Brief → Identify every line in the records below that contains the word "offset", and reproduce each one.

Material provided →
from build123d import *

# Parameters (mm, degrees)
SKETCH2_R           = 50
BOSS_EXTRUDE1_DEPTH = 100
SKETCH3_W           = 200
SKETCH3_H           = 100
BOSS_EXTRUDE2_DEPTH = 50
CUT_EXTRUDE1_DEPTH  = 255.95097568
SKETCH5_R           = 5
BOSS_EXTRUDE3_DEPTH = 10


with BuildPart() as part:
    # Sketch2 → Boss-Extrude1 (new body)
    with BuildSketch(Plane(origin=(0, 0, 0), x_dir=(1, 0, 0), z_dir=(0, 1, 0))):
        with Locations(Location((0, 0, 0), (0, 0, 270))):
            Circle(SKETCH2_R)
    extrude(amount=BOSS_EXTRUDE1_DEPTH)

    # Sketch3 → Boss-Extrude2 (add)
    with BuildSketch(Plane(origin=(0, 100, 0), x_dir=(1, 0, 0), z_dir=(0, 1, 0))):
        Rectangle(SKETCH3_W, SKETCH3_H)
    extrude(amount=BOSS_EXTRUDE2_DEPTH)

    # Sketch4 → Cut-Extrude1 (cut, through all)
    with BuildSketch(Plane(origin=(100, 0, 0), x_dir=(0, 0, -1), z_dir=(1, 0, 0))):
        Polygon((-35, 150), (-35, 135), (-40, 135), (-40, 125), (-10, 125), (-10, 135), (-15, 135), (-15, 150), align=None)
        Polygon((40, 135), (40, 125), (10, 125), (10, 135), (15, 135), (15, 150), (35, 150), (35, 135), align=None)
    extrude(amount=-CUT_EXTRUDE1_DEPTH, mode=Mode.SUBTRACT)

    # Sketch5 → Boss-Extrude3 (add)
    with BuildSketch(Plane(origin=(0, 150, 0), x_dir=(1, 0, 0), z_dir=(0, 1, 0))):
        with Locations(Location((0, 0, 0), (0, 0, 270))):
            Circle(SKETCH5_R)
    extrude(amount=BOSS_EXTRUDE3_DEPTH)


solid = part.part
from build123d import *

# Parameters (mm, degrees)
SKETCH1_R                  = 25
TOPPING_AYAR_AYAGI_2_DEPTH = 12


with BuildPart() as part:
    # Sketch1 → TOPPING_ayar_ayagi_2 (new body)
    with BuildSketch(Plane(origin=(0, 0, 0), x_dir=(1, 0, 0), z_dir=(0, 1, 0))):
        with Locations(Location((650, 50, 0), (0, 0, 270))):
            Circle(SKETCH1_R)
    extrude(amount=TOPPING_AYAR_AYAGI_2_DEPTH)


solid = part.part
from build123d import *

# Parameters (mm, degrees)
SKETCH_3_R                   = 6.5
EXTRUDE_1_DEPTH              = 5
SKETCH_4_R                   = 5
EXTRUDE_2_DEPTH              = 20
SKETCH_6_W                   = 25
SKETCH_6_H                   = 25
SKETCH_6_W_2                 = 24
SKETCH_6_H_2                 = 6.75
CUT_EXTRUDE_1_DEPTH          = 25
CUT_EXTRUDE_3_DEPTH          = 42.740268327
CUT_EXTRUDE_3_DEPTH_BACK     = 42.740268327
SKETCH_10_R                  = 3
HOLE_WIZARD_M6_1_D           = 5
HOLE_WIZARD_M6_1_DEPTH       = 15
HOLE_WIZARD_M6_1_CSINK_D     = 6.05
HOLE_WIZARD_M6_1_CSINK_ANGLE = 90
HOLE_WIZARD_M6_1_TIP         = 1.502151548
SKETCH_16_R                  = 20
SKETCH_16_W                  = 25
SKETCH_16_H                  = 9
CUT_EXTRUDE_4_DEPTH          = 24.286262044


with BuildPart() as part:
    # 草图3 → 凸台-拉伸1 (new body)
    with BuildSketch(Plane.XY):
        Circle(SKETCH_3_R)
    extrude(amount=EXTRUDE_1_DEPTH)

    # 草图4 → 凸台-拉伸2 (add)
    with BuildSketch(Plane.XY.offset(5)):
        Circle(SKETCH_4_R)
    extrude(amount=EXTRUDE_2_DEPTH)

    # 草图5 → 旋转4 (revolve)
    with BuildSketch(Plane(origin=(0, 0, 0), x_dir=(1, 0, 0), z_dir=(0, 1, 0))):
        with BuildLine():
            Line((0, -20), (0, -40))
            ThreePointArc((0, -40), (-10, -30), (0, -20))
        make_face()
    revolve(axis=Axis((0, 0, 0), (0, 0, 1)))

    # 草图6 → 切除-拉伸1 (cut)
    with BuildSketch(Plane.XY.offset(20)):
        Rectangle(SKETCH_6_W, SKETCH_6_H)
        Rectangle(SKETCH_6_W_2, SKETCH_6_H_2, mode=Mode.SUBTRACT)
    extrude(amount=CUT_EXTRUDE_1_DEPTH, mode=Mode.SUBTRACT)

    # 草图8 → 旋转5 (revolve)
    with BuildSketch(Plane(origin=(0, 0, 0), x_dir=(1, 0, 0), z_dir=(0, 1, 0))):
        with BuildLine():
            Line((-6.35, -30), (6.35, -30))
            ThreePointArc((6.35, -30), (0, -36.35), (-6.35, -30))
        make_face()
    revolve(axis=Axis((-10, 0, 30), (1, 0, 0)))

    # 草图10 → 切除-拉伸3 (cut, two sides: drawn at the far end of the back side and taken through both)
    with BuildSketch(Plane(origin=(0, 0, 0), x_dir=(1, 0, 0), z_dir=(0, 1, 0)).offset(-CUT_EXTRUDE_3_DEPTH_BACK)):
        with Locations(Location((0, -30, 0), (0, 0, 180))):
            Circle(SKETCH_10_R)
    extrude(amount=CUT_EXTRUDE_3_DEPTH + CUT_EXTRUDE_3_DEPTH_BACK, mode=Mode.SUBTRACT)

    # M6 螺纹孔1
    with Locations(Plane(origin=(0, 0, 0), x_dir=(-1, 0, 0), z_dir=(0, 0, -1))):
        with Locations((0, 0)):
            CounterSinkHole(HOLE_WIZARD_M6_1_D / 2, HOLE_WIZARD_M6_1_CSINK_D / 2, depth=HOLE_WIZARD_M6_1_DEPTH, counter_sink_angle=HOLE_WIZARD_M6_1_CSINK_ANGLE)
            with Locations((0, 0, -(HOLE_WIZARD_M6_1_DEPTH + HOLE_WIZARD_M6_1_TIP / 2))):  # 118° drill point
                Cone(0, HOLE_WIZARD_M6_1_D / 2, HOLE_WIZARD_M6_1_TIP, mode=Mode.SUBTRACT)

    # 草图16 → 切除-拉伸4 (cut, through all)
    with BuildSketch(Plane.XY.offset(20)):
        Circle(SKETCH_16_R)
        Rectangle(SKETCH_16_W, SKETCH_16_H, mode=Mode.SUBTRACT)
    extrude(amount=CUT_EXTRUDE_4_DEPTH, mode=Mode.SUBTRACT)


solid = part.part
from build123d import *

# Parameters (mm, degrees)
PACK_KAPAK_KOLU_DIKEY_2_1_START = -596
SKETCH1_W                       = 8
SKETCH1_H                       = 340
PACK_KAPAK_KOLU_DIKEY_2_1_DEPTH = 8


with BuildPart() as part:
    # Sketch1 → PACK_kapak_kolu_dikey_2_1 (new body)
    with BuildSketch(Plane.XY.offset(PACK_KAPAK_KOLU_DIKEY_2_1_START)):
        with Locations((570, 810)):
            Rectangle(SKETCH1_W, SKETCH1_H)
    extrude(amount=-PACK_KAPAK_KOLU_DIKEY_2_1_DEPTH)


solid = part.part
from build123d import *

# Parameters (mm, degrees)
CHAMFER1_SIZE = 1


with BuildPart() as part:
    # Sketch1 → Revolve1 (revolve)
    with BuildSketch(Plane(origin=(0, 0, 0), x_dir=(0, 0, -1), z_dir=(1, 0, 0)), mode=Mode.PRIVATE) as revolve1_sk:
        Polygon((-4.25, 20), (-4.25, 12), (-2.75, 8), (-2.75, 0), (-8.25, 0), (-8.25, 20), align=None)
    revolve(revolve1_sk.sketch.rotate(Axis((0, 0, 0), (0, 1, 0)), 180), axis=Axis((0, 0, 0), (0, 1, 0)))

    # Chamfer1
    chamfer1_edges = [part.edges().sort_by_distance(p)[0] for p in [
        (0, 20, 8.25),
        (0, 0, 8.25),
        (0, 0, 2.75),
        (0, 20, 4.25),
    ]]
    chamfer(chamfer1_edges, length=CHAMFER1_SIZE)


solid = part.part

Solution for this problem →
    with BuildSketch(Plane.XY.offset(5)):
    with BuildSketch(Plane.XY.offset(20)):
    with BuildSketch(Plane(origin=(0, 0, 0), x_dir=(1, 0, 0), z_dir=(0, 1, 0)).offset(-CUT_EXTRUDE_3_DEPTH_BACK)):
    with BuildSketch(Plane.XY.offset(20)):
    with BuildSketch(Plane.XY.offset(PACK_KAPAK_KOLU_DIKEY_2_1_START)):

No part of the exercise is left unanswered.